Description of the task
How do the records below read from their first line through the line containing "doc.units = ezdxf.units.IN"? Write those lines out exactly.

Stored entries
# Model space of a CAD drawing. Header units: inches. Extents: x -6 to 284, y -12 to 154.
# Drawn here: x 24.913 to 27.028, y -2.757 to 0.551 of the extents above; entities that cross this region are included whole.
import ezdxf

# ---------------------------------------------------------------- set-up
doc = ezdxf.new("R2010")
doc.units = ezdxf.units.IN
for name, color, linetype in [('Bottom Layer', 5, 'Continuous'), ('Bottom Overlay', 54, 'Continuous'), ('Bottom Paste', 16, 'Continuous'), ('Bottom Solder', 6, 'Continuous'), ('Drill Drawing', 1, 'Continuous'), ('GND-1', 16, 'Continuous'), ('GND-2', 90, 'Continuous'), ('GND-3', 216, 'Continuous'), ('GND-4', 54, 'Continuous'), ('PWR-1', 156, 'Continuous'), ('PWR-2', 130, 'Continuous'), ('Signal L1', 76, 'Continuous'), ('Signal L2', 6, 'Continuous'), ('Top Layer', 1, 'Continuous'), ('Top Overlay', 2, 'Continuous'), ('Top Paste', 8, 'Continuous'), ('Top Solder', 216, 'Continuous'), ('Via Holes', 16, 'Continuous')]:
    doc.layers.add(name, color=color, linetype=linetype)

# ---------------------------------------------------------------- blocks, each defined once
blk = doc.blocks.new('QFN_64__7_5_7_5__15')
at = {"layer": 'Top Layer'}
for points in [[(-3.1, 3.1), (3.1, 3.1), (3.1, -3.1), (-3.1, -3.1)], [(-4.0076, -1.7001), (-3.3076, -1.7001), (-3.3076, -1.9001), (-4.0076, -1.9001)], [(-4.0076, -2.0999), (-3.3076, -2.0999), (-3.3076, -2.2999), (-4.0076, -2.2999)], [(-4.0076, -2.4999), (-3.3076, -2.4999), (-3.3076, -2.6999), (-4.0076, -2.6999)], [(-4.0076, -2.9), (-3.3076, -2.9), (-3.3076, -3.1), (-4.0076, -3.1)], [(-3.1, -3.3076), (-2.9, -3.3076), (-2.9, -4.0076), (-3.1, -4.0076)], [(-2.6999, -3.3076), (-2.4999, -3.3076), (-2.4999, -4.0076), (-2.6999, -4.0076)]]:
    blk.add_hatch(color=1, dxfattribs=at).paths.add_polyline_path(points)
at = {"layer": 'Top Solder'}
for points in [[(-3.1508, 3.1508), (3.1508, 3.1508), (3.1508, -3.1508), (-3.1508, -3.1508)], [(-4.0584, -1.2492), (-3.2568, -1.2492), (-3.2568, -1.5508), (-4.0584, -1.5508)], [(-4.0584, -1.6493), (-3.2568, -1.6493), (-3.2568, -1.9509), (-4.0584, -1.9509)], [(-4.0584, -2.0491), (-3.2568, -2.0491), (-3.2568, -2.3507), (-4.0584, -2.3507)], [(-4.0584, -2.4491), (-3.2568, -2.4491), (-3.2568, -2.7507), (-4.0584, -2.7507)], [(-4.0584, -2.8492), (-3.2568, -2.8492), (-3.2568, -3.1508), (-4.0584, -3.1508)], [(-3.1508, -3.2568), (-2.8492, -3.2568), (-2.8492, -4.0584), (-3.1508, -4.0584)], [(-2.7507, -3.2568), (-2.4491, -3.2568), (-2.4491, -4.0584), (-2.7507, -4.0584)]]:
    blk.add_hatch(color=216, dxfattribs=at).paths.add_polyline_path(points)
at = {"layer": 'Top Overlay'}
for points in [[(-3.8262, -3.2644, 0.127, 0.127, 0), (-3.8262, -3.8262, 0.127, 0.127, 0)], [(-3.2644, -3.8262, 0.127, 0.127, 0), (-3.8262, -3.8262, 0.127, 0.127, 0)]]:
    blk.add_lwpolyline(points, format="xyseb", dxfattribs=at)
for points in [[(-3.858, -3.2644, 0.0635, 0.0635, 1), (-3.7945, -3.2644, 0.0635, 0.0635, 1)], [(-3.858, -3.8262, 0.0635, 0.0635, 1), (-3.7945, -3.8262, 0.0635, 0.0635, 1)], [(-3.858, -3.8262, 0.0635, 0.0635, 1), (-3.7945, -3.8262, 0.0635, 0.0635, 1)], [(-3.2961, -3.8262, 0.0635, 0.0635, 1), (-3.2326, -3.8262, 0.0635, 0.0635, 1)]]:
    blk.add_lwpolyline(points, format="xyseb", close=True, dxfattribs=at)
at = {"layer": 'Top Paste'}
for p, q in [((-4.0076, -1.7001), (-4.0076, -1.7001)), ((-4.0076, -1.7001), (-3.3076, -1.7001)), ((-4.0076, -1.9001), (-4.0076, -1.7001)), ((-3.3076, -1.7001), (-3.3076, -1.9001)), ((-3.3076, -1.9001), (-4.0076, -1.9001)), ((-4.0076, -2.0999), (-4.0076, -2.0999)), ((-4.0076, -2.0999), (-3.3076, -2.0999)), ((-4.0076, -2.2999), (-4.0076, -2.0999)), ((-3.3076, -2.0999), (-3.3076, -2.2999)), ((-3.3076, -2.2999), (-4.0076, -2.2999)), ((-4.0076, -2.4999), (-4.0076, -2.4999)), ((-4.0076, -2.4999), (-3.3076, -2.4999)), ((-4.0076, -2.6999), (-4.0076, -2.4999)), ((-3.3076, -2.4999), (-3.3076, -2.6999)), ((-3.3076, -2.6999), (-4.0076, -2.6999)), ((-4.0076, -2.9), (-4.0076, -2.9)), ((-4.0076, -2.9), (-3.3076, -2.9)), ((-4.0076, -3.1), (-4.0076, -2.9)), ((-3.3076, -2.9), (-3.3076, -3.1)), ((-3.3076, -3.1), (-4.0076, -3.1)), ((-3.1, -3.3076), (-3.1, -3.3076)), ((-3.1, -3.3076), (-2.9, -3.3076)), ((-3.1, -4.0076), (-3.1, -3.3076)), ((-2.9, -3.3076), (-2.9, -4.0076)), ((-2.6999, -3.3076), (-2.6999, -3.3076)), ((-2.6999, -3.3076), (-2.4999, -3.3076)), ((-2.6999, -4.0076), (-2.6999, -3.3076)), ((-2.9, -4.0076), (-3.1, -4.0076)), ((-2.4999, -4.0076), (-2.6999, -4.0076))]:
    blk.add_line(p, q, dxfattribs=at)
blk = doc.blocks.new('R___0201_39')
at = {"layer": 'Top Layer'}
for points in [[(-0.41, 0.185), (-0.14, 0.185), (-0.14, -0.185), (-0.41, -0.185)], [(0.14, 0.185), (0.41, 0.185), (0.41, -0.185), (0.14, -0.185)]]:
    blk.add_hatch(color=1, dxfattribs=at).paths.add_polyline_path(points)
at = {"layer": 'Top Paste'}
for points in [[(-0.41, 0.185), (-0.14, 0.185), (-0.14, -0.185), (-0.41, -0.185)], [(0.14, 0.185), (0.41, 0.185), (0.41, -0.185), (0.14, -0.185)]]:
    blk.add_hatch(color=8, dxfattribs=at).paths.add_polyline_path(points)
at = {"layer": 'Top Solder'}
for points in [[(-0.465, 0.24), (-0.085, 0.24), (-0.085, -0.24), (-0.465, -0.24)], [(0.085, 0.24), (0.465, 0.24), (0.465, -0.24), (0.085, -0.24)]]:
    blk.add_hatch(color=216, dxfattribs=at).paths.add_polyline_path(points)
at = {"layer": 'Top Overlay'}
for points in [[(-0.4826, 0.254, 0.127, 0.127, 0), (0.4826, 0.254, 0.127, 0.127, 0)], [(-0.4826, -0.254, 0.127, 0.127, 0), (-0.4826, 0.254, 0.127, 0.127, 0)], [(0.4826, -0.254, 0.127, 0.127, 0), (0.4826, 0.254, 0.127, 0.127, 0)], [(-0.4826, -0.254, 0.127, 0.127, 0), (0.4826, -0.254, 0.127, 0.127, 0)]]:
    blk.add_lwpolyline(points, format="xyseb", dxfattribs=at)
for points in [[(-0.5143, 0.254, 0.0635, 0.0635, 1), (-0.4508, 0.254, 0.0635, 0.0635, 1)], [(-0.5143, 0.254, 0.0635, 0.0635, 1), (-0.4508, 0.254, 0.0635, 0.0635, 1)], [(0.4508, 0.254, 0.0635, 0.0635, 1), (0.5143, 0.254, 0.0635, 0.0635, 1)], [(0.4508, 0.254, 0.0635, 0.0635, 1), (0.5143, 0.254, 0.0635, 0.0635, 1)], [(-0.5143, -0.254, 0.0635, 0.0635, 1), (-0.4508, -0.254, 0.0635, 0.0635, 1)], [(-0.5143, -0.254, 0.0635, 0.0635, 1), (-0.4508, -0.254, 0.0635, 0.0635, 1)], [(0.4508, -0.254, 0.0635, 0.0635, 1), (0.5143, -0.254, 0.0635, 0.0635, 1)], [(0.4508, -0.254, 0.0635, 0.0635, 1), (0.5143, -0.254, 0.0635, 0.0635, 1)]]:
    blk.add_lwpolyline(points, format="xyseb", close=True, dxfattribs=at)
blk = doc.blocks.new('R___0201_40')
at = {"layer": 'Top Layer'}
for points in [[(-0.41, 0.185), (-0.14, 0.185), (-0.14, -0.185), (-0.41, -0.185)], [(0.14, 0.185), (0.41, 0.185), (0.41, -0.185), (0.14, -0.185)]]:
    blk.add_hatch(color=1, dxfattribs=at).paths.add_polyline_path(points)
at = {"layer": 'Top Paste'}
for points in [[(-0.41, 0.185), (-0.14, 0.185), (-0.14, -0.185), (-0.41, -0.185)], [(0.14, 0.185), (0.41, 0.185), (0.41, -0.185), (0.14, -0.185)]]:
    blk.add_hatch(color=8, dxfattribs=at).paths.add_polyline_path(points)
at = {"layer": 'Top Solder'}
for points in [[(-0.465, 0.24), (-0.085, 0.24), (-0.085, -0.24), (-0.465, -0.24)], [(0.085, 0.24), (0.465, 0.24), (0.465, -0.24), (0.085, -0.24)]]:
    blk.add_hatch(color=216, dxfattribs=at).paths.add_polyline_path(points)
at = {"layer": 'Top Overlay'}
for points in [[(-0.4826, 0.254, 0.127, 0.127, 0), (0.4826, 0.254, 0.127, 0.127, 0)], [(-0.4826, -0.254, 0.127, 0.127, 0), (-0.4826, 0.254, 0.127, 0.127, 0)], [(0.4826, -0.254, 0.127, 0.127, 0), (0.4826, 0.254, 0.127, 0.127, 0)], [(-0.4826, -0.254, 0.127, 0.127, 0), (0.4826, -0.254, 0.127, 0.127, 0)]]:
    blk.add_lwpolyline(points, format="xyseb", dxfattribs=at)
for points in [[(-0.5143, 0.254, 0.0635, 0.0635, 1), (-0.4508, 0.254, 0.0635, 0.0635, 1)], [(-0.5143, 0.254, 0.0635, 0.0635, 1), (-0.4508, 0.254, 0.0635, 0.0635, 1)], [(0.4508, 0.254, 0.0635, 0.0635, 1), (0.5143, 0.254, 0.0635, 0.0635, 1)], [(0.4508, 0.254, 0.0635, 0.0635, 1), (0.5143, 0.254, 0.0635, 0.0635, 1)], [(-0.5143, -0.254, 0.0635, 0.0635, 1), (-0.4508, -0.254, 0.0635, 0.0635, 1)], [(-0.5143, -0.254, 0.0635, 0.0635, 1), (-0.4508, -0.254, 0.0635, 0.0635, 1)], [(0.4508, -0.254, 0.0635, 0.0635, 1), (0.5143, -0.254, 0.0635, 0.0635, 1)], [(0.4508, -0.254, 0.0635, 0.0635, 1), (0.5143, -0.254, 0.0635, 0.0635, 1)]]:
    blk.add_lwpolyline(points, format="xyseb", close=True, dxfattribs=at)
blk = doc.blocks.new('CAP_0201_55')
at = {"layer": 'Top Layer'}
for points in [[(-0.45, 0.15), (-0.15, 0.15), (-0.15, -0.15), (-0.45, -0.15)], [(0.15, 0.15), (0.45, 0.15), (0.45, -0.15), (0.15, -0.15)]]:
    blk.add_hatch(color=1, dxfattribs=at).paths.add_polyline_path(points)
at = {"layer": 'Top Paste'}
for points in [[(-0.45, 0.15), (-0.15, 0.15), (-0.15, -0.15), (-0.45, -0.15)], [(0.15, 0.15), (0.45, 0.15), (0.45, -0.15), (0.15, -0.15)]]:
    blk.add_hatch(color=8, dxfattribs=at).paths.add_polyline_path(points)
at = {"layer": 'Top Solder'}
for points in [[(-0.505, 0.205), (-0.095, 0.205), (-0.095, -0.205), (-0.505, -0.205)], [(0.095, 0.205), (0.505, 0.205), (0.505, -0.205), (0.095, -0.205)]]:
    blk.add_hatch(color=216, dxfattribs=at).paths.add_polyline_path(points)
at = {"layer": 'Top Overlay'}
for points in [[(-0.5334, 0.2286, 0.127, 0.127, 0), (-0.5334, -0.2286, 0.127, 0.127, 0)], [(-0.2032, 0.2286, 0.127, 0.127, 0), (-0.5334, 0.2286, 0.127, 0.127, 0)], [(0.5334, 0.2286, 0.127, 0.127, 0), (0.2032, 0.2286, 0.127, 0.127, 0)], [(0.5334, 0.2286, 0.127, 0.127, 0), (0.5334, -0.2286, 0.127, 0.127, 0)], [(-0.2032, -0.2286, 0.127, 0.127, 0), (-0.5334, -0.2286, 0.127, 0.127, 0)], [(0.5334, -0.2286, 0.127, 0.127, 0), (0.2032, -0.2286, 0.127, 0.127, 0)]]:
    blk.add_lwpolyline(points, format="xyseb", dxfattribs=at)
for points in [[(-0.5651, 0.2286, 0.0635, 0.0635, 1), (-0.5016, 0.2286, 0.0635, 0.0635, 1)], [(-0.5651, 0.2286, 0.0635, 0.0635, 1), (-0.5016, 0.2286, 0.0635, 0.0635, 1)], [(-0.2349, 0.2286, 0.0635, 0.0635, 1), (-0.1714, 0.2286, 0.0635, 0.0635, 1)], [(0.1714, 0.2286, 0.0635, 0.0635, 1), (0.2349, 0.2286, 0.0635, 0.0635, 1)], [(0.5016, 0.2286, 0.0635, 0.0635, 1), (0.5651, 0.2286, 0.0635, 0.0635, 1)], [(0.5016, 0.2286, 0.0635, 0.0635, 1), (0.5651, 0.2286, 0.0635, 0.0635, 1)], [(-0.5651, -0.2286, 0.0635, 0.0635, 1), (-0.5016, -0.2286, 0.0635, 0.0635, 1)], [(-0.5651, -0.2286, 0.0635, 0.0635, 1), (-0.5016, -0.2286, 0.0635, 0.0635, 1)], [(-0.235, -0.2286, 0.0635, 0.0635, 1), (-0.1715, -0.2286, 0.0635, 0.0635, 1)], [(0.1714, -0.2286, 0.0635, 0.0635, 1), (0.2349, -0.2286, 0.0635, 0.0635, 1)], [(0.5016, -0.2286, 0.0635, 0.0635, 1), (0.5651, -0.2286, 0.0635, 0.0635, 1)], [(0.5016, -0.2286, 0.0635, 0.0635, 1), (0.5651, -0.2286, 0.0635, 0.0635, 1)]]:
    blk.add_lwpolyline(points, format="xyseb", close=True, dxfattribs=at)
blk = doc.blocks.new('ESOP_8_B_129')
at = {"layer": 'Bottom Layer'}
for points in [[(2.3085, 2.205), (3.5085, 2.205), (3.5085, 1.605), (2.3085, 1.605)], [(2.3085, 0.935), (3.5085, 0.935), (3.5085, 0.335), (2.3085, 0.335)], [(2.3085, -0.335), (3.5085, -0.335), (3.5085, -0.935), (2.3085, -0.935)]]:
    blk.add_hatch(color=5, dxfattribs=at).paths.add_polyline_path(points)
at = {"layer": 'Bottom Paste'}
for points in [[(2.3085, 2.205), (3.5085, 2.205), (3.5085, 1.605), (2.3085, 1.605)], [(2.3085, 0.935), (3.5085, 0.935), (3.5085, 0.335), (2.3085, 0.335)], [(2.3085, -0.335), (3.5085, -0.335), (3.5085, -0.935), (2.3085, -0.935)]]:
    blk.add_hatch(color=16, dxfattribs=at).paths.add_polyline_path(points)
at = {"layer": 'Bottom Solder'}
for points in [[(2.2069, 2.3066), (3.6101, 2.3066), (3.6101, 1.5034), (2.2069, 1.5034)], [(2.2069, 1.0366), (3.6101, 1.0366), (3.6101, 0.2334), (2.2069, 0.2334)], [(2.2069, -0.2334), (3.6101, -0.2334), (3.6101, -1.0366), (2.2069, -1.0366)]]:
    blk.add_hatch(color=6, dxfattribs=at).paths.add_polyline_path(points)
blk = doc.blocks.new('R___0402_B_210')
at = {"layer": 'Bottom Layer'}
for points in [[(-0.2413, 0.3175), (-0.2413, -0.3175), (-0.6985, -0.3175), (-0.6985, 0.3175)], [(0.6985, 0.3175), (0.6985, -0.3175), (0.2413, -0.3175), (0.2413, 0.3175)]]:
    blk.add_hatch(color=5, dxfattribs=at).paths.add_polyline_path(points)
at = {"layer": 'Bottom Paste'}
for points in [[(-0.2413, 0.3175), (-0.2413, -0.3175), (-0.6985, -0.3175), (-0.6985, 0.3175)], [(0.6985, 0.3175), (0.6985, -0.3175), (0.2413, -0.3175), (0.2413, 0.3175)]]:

Completed exercise
# Model space of a CAD drawing. Header units: inches. Extents: x -6 to 284, y -12 to 154.
# Drawn here: x 24.913 to 27.028, y -2.757 to 0.551 of the extents above; entities that cross this region are included whole.
import ezdxf

# ---------------------------------------------------------------- set-up
doc = ezdxf.new("R2010")
doc.units = ezdxf.units.IN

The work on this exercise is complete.